> _Supplied records_:
____
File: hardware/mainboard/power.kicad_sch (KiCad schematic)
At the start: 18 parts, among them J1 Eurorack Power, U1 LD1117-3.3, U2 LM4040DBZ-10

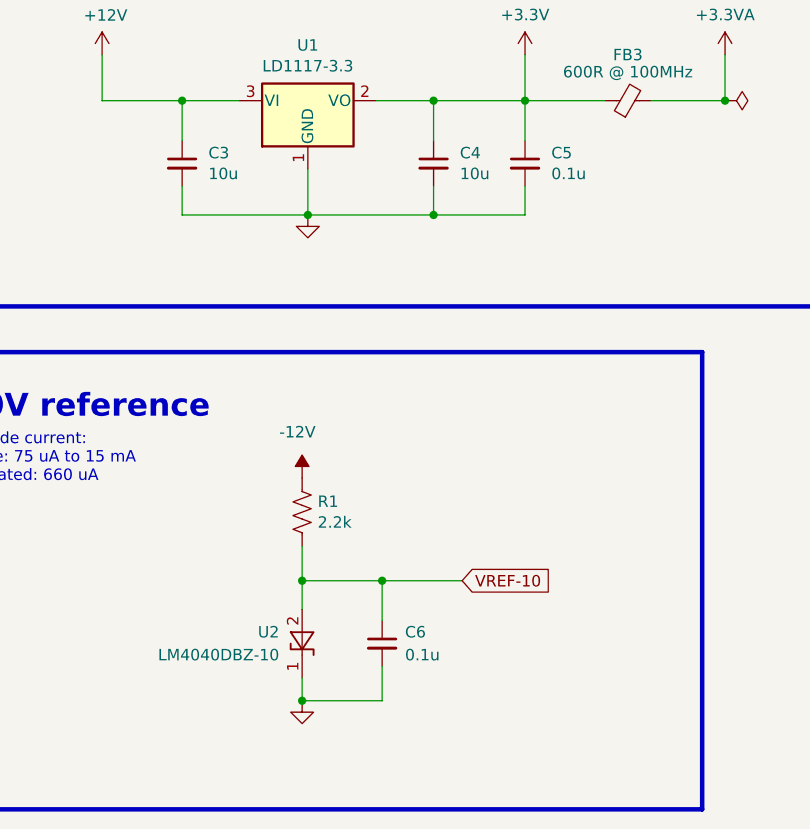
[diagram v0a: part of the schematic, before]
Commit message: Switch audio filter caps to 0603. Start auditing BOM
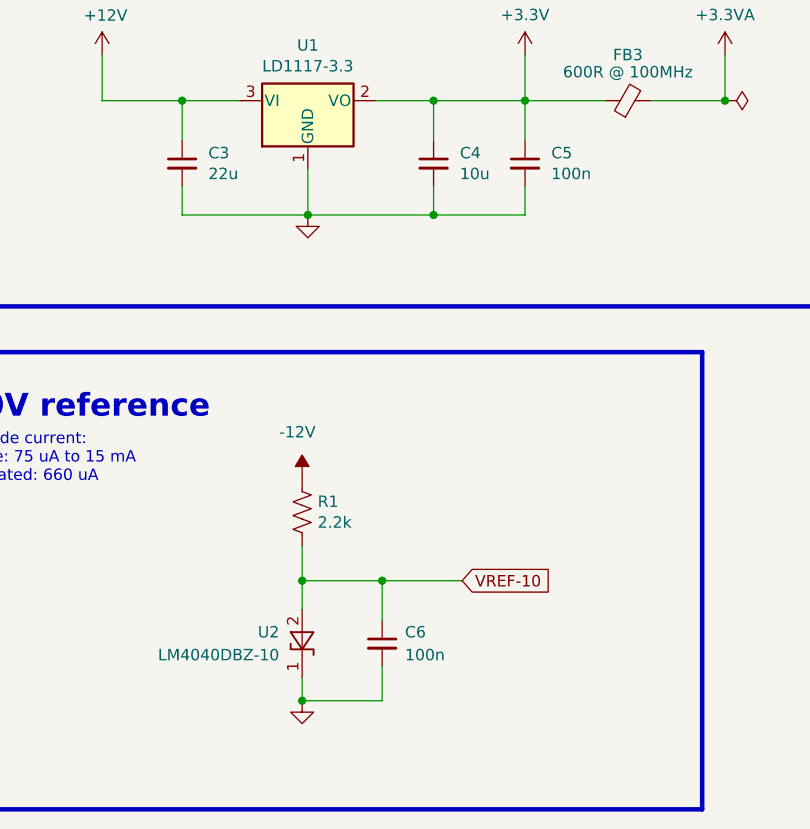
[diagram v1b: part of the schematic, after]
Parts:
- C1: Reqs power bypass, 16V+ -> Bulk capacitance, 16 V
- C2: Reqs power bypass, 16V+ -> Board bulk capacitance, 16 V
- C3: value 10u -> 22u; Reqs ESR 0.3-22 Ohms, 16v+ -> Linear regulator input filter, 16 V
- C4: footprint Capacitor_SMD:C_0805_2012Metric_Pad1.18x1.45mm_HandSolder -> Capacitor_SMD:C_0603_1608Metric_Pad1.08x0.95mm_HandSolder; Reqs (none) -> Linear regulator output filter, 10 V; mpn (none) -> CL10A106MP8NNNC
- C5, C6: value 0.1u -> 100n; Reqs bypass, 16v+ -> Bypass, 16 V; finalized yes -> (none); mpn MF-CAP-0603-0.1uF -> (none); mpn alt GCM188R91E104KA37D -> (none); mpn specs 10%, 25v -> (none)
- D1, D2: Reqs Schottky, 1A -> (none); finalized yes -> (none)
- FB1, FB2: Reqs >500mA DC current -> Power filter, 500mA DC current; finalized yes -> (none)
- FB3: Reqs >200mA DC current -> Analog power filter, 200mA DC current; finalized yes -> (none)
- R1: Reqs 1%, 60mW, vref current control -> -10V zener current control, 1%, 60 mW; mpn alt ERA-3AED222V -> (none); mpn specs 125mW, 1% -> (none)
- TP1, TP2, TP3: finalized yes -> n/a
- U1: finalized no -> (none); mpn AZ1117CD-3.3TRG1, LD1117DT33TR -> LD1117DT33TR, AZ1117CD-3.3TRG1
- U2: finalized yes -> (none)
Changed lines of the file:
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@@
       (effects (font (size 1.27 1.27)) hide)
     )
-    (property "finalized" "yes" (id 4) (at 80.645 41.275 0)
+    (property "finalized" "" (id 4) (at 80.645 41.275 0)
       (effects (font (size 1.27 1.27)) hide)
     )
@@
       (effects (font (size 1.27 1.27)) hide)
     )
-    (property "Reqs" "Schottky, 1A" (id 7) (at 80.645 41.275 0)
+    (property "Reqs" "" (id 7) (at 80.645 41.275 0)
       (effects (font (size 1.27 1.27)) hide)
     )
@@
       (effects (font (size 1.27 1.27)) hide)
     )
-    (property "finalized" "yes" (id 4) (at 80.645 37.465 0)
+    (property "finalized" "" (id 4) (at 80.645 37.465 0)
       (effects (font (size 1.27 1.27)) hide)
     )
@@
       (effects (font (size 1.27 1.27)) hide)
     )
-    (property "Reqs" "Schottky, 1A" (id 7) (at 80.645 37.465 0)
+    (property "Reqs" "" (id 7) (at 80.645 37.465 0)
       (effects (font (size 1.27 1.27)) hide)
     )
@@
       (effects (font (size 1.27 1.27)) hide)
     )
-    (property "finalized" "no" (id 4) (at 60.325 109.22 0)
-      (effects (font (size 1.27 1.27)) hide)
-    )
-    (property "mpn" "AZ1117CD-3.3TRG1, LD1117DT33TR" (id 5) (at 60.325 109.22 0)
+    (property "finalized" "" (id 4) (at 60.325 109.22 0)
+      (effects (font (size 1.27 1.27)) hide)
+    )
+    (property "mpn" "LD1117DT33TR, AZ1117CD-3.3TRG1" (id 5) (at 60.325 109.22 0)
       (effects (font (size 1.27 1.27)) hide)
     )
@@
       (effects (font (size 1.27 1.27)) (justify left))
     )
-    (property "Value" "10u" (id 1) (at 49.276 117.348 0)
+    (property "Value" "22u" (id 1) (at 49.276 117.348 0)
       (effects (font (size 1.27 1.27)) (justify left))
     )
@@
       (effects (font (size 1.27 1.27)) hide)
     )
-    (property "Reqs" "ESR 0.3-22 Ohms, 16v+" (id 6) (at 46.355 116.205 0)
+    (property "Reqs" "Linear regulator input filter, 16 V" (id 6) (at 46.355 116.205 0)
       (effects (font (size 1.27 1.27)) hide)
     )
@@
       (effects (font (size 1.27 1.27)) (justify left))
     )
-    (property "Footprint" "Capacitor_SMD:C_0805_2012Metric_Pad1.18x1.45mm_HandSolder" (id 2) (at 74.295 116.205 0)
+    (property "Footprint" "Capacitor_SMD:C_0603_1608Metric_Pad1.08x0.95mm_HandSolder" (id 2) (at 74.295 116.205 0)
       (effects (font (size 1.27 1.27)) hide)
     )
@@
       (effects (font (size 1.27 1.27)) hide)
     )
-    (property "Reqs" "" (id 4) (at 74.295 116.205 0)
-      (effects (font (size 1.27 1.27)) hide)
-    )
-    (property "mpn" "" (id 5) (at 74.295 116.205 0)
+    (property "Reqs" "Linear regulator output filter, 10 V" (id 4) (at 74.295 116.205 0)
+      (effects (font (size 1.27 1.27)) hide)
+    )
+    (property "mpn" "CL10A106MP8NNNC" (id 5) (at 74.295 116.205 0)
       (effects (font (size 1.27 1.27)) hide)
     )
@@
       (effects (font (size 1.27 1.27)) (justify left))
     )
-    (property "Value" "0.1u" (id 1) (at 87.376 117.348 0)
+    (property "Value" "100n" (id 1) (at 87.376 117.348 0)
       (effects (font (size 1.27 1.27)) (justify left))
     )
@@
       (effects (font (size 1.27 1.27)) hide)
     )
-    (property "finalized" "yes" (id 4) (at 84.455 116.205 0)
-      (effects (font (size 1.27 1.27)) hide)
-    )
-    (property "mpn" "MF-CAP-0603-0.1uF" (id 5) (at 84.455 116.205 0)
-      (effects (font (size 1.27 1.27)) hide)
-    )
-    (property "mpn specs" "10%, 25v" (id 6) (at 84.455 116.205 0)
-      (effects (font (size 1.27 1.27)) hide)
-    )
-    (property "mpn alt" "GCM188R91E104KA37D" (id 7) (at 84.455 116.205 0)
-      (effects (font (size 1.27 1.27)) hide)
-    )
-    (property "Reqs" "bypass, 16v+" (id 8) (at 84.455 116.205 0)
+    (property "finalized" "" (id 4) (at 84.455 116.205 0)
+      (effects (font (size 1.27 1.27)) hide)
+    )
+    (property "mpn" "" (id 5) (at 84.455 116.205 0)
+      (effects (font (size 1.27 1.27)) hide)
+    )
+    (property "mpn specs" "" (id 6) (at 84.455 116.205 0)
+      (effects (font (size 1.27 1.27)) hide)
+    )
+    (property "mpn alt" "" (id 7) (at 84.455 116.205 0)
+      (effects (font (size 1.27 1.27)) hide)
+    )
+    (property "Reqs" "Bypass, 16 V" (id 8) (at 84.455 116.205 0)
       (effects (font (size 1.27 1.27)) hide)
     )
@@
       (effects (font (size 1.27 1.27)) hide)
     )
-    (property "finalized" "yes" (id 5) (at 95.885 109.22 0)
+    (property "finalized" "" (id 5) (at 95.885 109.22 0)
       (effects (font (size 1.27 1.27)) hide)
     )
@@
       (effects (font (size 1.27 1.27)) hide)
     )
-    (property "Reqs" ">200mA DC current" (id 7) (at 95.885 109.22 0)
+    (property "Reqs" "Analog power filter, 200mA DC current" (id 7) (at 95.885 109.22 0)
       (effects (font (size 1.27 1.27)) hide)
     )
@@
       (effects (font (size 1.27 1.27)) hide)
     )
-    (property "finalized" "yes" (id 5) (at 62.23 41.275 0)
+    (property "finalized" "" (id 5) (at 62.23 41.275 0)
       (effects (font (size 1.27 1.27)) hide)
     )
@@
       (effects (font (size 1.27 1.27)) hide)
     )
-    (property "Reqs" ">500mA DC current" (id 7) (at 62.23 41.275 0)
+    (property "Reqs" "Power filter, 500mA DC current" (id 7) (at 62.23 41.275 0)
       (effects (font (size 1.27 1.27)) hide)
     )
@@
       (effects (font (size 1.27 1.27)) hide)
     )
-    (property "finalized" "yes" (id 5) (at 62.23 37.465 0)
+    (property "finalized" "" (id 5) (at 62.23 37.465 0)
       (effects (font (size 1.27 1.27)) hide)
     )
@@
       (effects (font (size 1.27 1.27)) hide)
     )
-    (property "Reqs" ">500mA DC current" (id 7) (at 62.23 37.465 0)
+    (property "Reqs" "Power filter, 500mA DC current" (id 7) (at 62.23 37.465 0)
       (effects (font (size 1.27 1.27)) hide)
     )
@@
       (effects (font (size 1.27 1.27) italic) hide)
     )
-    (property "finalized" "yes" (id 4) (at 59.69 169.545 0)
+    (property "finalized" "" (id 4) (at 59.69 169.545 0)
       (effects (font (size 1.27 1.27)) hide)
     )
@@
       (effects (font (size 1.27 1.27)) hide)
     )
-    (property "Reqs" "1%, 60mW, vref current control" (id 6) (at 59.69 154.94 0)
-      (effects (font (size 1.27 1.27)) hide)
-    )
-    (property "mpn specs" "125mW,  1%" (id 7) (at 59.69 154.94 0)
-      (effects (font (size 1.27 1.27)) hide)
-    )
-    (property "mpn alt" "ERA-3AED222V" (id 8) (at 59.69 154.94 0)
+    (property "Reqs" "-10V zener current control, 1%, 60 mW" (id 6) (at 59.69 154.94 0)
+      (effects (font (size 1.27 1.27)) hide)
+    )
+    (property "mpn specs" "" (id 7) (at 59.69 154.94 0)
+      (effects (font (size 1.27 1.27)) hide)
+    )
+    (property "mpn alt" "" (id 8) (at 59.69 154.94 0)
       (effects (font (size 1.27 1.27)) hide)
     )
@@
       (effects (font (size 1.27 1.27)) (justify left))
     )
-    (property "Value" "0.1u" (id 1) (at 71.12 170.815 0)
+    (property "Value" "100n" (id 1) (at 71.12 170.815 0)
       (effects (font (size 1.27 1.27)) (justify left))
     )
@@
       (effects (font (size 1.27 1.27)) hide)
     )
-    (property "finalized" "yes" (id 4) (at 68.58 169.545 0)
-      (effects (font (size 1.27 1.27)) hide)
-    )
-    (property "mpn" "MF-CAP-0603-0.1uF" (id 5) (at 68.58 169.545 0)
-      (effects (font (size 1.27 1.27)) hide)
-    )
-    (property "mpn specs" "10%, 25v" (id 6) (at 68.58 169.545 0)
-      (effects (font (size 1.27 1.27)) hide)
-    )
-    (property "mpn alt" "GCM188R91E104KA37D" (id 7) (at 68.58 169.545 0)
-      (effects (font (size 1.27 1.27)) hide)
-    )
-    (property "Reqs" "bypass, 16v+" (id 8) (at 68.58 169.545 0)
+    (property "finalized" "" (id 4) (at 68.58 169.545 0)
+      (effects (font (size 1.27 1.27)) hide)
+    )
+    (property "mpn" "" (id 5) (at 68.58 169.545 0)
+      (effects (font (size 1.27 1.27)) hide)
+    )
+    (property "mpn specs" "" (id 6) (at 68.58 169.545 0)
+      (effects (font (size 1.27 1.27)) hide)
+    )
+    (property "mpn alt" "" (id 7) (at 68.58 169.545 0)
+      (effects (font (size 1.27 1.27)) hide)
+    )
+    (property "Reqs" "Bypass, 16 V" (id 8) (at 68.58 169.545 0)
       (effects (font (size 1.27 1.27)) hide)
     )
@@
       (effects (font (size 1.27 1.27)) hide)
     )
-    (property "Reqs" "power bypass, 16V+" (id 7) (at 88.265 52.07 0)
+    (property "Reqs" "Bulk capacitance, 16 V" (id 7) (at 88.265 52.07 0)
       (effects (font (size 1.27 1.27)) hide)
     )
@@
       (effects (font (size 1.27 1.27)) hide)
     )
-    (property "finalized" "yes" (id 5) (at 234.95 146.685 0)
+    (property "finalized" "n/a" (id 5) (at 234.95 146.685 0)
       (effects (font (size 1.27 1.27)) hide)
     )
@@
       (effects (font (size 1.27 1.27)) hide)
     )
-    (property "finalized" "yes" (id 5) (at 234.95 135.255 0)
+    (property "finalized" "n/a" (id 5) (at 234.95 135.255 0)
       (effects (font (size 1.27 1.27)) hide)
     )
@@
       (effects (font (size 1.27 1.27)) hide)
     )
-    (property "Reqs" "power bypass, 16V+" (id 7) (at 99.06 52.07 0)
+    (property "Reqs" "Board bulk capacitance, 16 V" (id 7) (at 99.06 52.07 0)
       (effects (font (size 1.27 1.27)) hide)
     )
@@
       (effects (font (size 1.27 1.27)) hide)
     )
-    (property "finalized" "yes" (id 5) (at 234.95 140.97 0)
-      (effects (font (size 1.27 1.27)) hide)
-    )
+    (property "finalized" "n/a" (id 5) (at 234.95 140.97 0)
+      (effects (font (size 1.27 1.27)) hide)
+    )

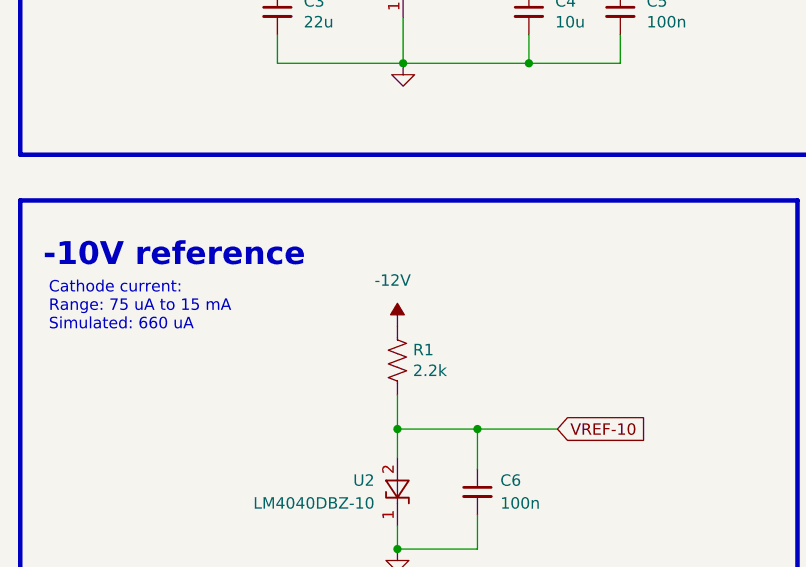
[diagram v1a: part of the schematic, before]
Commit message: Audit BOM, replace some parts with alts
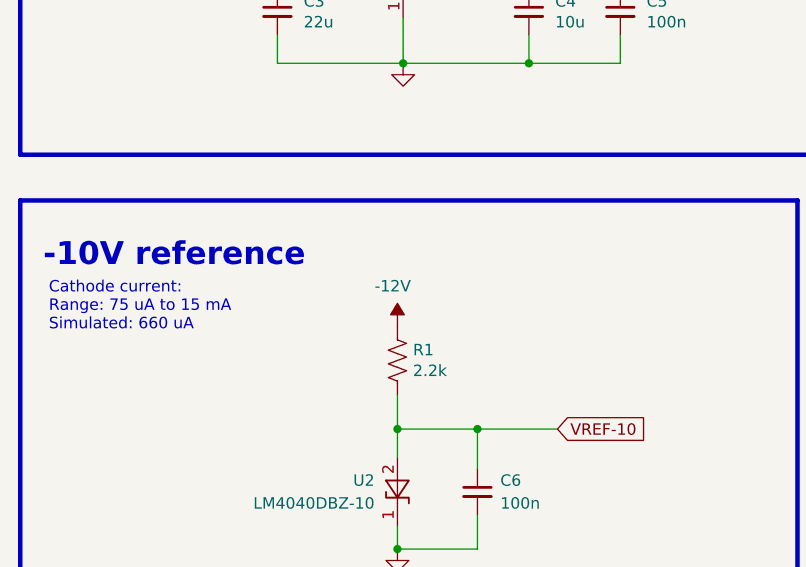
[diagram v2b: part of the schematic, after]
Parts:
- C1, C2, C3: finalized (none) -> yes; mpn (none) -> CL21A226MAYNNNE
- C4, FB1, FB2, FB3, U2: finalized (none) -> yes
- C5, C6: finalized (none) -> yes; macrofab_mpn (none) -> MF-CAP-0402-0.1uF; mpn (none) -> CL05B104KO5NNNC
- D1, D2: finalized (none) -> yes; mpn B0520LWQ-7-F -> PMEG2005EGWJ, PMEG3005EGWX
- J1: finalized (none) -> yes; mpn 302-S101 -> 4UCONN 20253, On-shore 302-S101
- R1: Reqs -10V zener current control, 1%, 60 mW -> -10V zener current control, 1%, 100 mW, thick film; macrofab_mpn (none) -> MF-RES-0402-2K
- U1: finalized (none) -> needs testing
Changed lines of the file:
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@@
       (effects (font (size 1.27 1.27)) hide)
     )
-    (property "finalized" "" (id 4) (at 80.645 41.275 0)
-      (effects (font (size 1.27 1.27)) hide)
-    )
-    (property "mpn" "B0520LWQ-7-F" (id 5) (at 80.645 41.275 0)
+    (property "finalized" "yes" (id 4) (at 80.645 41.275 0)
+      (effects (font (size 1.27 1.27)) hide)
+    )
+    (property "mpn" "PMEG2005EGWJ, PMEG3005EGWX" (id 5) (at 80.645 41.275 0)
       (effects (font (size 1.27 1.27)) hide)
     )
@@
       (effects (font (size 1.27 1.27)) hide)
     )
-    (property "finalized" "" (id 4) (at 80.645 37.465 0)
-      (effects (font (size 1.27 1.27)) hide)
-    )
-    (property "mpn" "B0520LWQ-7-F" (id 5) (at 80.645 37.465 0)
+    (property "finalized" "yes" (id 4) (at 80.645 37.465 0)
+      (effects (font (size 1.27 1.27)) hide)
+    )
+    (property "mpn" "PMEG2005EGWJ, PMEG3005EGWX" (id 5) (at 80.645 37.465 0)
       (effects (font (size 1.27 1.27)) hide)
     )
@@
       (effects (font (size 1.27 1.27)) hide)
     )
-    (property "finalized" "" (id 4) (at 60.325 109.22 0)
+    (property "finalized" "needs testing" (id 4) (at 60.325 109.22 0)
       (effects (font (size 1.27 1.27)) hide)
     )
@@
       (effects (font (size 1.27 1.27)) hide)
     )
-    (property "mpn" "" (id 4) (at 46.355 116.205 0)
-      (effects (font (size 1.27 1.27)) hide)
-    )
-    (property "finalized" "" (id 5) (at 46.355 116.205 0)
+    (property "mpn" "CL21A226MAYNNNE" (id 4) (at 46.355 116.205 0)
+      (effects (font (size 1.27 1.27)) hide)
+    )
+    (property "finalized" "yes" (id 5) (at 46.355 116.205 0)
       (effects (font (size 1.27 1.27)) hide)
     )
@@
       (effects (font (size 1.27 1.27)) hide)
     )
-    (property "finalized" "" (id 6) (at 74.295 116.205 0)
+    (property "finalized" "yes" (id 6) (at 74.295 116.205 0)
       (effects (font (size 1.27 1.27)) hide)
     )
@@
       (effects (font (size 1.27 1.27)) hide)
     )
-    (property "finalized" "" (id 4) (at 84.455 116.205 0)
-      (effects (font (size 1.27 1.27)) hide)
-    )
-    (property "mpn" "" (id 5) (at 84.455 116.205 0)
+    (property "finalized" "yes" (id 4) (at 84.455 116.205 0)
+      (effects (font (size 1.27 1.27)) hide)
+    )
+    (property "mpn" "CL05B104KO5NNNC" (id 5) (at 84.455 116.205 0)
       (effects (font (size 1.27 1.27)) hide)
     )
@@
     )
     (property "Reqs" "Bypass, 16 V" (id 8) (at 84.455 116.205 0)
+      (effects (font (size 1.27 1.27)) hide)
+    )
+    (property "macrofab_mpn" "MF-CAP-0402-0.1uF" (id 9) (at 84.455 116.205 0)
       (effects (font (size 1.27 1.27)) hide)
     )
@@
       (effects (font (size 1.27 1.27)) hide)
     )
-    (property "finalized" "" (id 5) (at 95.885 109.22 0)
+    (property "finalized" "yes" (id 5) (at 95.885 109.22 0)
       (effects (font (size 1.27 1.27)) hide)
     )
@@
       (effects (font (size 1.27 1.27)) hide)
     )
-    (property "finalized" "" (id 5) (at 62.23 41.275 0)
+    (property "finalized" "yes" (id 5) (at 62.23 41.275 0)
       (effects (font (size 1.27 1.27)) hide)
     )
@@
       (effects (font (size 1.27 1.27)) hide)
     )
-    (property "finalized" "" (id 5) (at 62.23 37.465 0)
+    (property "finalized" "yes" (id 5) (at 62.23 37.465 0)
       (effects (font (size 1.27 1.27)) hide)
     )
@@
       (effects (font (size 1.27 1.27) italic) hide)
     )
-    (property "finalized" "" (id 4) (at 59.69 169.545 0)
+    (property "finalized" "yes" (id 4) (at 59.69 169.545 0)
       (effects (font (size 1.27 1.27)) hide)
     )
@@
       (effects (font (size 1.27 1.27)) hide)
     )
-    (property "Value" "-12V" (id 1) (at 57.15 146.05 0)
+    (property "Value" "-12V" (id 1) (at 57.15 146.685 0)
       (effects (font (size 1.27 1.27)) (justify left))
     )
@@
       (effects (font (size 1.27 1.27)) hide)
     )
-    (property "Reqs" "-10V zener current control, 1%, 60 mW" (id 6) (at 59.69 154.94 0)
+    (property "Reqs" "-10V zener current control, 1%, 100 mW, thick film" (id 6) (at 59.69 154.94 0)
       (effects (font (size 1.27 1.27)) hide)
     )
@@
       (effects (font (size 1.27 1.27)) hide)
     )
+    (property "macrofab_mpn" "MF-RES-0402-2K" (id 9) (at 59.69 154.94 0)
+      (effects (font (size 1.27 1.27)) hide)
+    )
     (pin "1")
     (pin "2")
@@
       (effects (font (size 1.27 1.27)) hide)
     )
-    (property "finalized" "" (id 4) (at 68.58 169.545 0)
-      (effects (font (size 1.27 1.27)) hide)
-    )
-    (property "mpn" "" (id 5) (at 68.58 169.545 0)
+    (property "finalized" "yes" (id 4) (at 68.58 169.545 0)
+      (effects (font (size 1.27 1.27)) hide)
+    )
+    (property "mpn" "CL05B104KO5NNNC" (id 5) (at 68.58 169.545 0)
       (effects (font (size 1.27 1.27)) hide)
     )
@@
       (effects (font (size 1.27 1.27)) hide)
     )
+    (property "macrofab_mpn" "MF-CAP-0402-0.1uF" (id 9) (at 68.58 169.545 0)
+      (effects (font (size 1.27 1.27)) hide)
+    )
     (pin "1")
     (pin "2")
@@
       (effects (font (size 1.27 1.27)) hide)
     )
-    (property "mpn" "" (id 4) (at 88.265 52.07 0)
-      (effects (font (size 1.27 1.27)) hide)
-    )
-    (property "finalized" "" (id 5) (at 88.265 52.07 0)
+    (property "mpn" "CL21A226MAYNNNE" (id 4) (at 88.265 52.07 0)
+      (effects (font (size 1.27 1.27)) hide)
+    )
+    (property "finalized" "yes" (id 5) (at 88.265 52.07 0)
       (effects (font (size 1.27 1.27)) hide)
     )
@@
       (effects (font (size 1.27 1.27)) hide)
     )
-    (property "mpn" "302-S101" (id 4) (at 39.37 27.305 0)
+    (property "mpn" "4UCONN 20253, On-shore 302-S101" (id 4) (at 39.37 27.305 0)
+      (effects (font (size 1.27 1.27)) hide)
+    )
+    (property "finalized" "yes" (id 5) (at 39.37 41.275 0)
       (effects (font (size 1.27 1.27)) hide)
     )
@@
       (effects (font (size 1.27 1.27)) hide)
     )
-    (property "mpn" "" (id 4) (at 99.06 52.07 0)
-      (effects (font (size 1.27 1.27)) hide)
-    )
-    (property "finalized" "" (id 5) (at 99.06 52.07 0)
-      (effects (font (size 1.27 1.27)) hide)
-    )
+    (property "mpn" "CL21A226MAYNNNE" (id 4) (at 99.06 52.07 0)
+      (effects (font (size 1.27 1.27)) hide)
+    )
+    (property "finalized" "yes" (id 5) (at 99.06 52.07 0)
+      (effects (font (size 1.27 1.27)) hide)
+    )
____
> _What you will do_: For the word "input", say how many lines of the listing include it; give nothing but the number.

> _Solution to the problem_: 2